**Exercise**
If an entry contains a picture, omit that picture and transcribe everything else exactly.
* * * *
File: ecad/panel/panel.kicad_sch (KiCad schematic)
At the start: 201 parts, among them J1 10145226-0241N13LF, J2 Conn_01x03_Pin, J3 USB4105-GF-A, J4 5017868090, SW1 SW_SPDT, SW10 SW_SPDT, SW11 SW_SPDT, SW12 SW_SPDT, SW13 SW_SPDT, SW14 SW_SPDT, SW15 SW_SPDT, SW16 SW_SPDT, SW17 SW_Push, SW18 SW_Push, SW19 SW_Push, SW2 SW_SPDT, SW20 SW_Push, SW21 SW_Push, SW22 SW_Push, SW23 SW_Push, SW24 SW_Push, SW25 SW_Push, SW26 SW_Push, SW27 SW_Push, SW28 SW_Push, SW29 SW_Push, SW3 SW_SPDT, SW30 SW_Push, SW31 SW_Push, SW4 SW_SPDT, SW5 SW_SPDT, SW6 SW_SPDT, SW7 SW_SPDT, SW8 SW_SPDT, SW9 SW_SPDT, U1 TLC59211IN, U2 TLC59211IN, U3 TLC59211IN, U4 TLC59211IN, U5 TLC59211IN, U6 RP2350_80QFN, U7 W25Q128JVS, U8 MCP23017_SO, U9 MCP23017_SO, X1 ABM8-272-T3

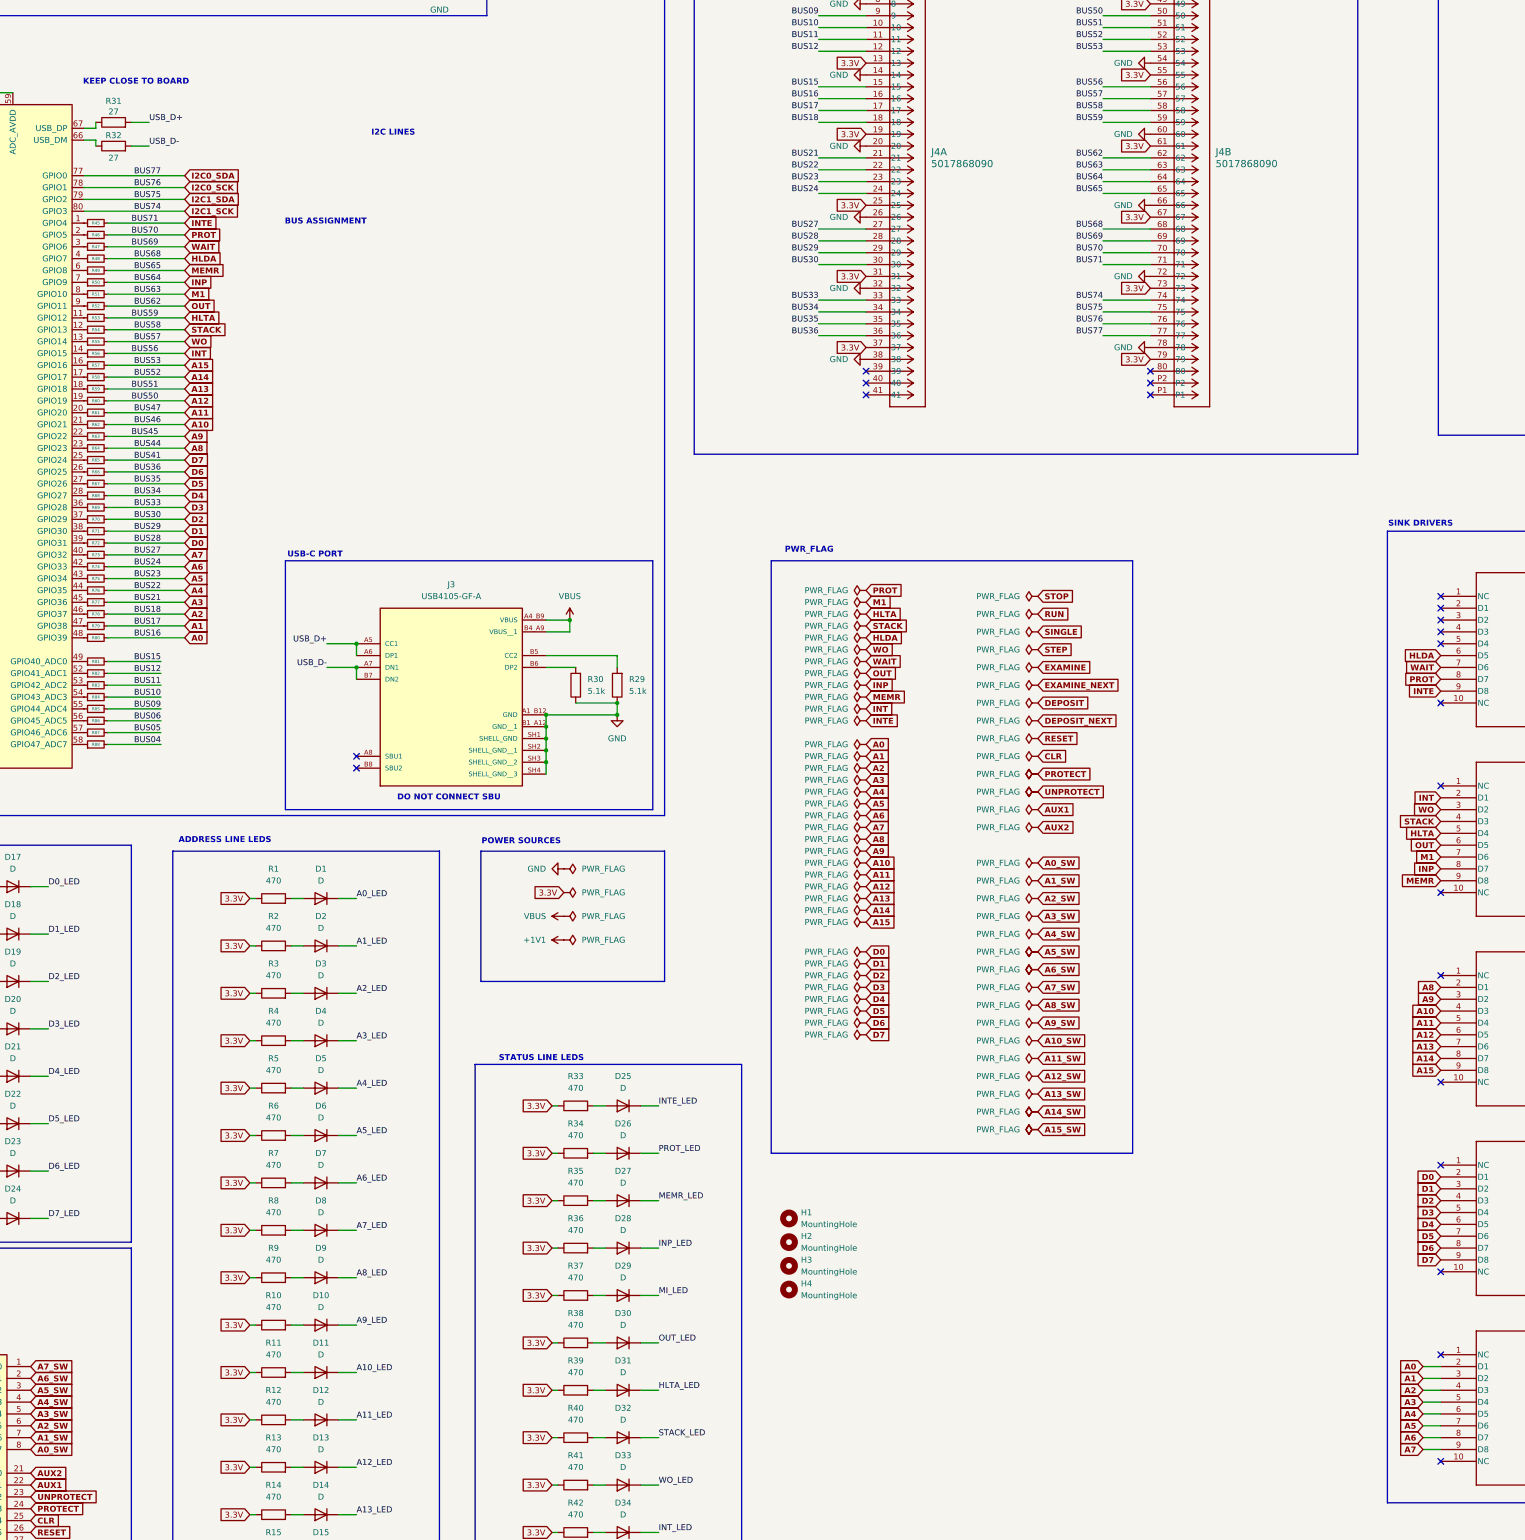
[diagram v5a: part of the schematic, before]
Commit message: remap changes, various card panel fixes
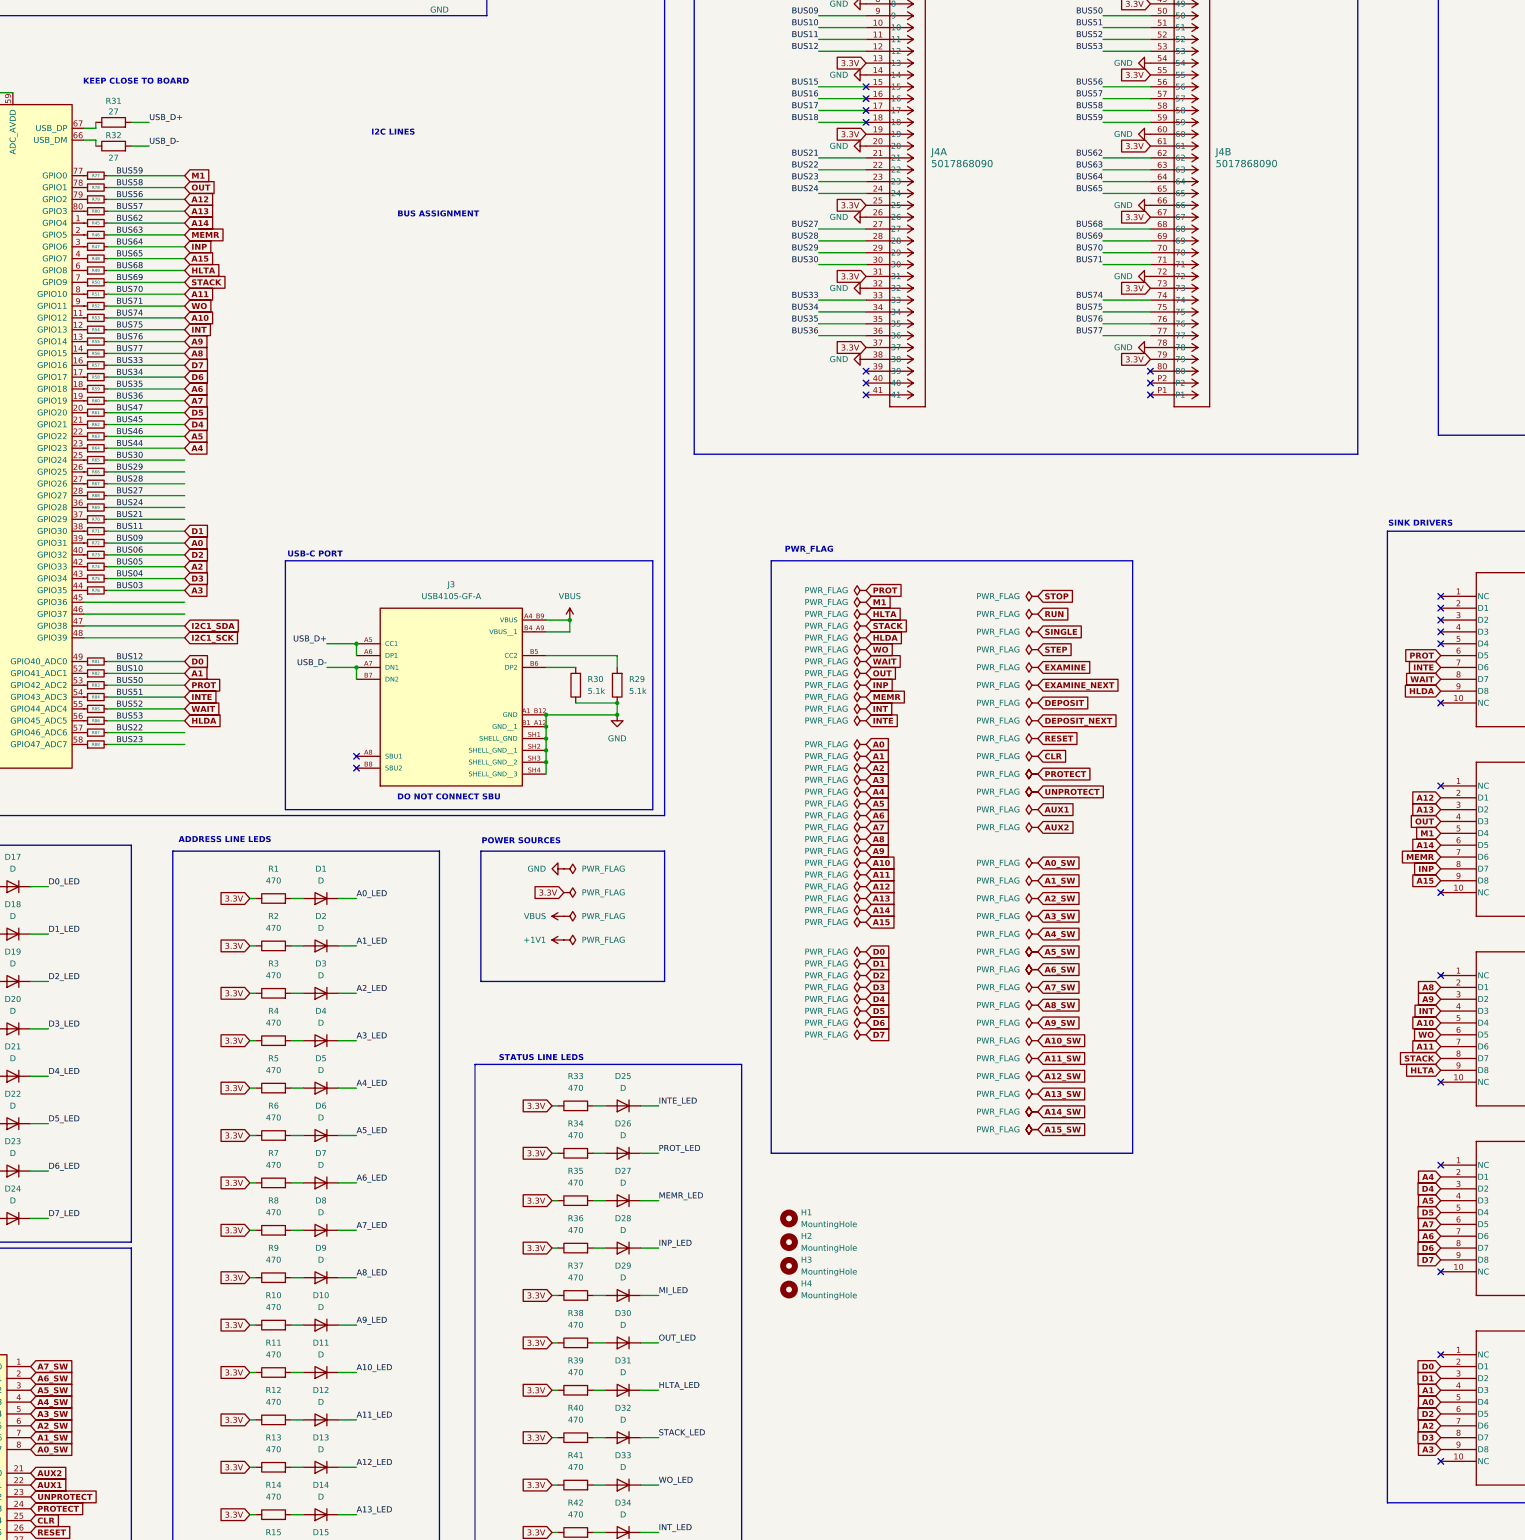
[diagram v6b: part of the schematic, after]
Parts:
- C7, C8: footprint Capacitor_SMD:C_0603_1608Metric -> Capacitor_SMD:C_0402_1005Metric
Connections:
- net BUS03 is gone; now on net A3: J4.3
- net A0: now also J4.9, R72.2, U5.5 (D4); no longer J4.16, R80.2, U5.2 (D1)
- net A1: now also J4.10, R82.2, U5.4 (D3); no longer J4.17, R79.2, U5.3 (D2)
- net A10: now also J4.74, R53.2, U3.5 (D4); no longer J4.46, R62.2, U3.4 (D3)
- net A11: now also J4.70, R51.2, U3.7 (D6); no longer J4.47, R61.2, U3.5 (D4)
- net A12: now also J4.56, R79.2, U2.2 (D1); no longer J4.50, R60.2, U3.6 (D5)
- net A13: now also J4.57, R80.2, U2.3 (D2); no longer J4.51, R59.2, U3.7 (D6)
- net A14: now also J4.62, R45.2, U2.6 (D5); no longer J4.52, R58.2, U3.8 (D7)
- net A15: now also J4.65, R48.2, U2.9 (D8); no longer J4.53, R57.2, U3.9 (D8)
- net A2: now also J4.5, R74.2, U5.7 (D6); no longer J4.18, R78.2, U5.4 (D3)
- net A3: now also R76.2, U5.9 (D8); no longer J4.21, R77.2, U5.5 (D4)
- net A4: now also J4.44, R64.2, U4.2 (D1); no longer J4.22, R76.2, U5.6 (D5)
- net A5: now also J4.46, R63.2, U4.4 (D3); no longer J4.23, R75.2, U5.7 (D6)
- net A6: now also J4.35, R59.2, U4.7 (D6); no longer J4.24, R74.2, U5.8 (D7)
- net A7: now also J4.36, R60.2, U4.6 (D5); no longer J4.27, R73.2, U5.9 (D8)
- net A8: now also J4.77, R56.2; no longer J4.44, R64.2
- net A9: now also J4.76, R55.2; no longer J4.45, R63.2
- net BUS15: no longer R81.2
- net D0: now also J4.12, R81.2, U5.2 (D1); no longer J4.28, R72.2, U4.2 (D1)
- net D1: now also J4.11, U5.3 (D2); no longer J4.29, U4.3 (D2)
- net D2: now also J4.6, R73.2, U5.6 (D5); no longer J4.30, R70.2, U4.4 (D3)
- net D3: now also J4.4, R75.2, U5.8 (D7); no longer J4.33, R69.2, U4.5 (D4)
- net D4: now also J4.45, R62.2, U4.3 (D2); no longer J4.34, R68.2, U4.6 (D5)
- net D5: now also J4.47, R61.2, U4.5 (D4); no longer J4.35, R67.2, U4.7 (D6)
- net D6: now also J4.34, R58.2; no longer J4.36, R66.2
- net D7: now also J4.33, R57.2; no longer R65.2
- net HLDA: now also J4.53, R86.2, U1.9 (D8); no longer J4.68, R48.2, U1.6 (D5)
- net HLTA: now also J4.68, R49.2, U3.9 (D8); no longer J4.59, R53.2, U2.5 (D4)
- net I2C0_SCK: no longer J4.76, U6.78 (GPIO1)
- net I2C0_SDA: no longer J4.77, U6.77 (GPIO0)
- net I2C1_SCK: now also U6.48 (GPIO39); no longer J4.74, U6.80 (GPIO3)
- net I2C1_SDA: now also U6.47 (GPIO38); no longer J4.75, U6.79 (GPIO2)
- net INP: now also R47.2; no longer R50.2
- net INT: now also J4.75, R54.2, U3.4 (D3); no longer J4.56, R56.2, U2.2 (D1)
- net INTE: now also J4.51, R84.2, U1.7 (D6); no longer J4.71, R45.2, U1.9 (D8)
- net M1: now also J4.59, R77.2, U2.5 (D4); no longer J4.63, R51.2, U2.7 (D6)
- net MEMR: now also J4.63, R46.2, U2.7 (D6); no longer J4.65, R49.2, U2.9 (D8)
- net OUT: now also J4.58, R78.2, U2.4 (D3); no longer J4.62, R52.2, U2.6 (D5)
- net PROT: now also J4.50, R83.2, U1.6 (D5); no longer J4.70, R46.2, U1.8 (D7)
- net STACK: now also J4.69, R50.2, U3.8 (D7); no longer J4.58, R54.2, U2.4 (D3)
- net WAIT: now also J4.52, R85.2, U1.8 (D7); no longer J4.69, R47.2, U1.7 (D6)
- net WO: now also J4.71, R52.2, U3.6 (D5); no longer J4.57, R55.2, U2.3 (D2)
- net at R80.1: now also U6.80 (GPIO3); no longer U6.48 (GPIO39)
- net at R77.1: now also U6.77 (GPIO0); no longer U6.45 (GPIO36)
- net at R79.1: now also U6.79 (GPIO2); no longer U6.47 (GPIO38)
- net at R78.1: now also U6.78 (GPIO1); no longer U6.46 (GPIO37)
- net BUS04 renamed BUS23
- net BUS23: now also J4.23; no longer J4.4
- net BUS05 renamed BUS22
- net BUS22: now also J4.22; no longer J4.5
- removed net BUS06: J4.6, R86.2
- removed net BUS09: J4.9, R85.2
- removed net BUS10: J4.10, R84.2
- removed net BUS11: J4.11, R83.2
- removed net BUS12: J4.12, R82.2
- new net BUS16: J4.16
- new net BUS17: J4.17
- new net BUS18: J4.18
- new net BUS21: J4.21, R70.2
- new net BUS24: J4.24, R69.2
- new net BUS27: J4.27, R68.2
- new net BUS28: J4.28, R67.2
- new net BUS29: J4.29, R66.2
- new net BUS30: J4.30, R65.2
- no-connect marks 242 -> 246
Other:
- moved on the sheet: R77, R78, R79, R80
* * * *
**Exercise response**
File: ecad/panel/panel.kicad_sch (KiCad schematic)
At the start: 201 parts, among them J1 10145226-0241N13LF, J2 Conn_01x03_Pin, J3 USB4105-GF-A, J4 5017868090, SW1 SW_SPDT, SW10 SW_SPDT, SW11 SW_SPDT, SW12 SW_SPDT, SW13 SW_SPDT, SW14 SW_SPDT, SW15 SW_SPDT, SW16 SW_SPDT, SW17 SW_Push, SW18 SW_Push, SW19 SW_Push, SW2 SW_SPDT, SW20 SW_Push, SW21 SW_Push, SW22 SW_Push, SW23 SW_Push, SW24 SW_Push, SW25 SW_Push, SW26 SW_Push, SW27 SW_Push, SW28 SW_Push, SW29 SW_Push, SW3 SW_SPDT, SW30 SW_Push, SW31 SW_Push, SW4 SW_SPDT, SW5 SW_SPDT, SW6 SW_SPDT, SW7 SW_SPDT, SW8 SW_SPDT, SW9 SW_SPDT, U1 TLC59211IN, U2 TLC59211IN, U3 TLC59211IN, U4 TLC59211IN, U5 TLC59211IN, U6 RP2350_80QFN, U7 W25Q128JVS, U8 MCP23017_SO, U9 MCP23017_SO, X1 ABM8-272-T3

[diagram v5a: part of the schematic, before]
Commit message: remap changes, various card panel fixes
[diagram v6b: part of the schematic, after]
Parts:
- C7, C8: footprint Capacitor_SMD:C_0603_1608Metric -> Capacitor_SMD:C_0402_1005Metric
Connections:
- net BUS03 is gone; now on net A3: J4.3
- net A0: now also J4.9, R72.2, U5.5 (D4); no longer J4.16, R80.2, U5.2 (D1)
- net A1: now also J4.10, R82.2, U5.4 (D3); no longer J4.17, R79.2, U5.3 (D2)
- net A10: now also J4.74, R53.2, U3.5 (D4); no longer J4.46, R62.2, U3.4 (D3)
- net A11: now also J4.70, R51.2, U3.7 (D6); no longer J4.47, R61.2, U3.5 (D4)
- net A12: now also J4.56, R79.2, U2.2 (D1); no longer J4.50, R60.2, U3.6 (D5)
- net A13: now also J4.57, R80.2, U2.3 (D2); no longer J4.51, R59.2, U3.7 (D6)
- net A14: now also J4.62, R45.2, U2.6 (D5); no longer J4.52, R58.2, U3.8 (D7)
- net A15: now also J4.65, R48.2, U2.9 (D8); no longer J4.53, R57.2, U3.9 (D8)
- net A2: now also J4.5, R74.2, U5.7 (D6); no longer J4.18, R78.2, U5.4 (D3)
- net A3: now also R76.2, U5.9 (D8); no longer J4.21, R77.2, U5.5 (D4)
- net A4: now also J4.44, R64.2, U4.2 (D1); no longer J4.22, R76.2, U5.6 (D5)
- net A5: now also J4.46, R63.2, U4.4 (D3); no longer J4.23, R75.2, U5.7 (D6)
- net A6: now also J4.35, R59.2, U4.7 (D6); no longer J4.24, R74.2, U5.8 (D7)
- net A7: now also J4.36, R60.2, U4.6 (D5); no longer J4.27, R73.2, U5.9 (D8)
- net A8: now also J4.77, R56.2; no longer J4.44, R64.2
- net A9: now also J4.76, R55.2; no longer J4.45, R63.2
- net BUS15: no longer R81.2
- net D0: now also J4.12, R81.2, U5.2 (D1); no longer J4.28, R72.2, U4.2 (D1)
- net D1: now also J4.11, U5.3 (D2); no longer J4.29, U4.3 (D2)
- net D2: now also J4.6, R73.2, U5.6 (D5); no longer J4.30, R70.2, U4.4 (D3)
- net D3: now also J4.4, R75.2, U5.8 (D7); no longer J4.33, R69.2, U4.5 (D4)
- net D4: now also J4.45, R62.2, U4.3 (D2); no longer J4.34, R68.2, U4.6 (D5)
- net D5: now also J4.47, R61.2, U4.5 (D4); no longer J4.35, R67.2, U4.7 (D6)
- net D6: now also J4.34, R58.2; no longer J4.36, R66.2
- net D7: now also J4.33, R57.2; no longer R65.2
- net HLDA: now also J4.53, R86.2, U1.9 (D8); no longer J4.68, R48.2, U1.6 (D5)
- net HLTA: now also J4.68, R49.2, U3.9 (D8); no longer J4.59, R53.2, U2.5 (D4)
- net I2C0_SCK: no longer J4.76, U6.78 (GPIO1)
- net I2C0_SDA: no longer J4.77, U6.77 (GPIO0)
- net I2C1_SCK: now also U6.48 (GPIO39); no longer J4.74, U6.80 (GPIO3)
- net I2C1_SDA: now also U6.47 (GPIO38); no longer J4.75, U6.79 (GPIO2)
- net INP: now also R47.2; no longer R50.2
- net INT: now also J4.75, R54.2, U3.4 (D3); no longer J4.56, R56.2, U2.2 (D1)
- net INTE: now also J4.51, R84.2, U1.7 (D6); no longer J4.71, R45.2, U1.9 (D8)
- net M1: now also J4.59, R77.2, U2.5 (D4); no longer J4.63, R51.2, U2.7 (D6)
- net MEMR: now also J4.63, R46.2, U2.7 (D6); no longer J4.65, R49.2, U2.9 (D8)
- net OUT: now also J4.58, R78.2, U2.4 (D3); no longer J4.62, R52.2, U2.6 (D5)
- net PROT: now also J4.50, R83.2, U1.6 (D5); no longer J4.70, R46.2, U1.8 (D7)
- net STACK: now also J4.69, R50.2, U3.8 (D7); no longer J4.58, R54.2, U2.4 (D3)
- net WAIT: now also J4.52, R85.2, U1.8 (D7); no longer J4.69, R47.2, U1.7 (D6)
- net WO: now also J4.71, R52.2, U3.6 (D5); no longer J4.57, R55.2, U2.3 (D2)
- net at R80.1: now also U6.80 (GPIO3); no longer U6.48 (GPIO39)
- net at R77.1: now also U6.77 (GPIO0); no longer U6.45 (GPIO36)
- net at R79.1: now also U6.79 (GPIO2); no longer U6.47 (GPIO38)
- net at R78.1: now also U6.78 (GPIO1); no longer U6.46 (GPIO37)
- net BUS04 renamed BUS23
- net BUS23: now also J4.23; no longer J4.4
- net BUS05 renamed BUS22
- net BUS22: now also J4.22; no longer J4.5
- removed net BUS06: J4.6, R86.2
- removed net BUS09: J4.9, R85.2
- removed net BUS10: J4.10, R84.2
- removed net BUS11: J4.11, R83.2
- removed net BUS12: J4.12, R82.2
- new net BUS16: J4.16
- new net BUS17: J4.17
- new net BUS18: J4.18
- new net BUS21: J4.21, R70.2
- new net BUS24: J4.24, R69.2
- new net BUS27: J4.27, R68.2
- new net BUS28: J4.28, R67.2
- new net BUS29: J4.29, R66.2
- new net BUS30: J4.30, R65.2
- no-connect marks 242 -> 246
Other:
- moved on the sheet: R77, R78, R79, R80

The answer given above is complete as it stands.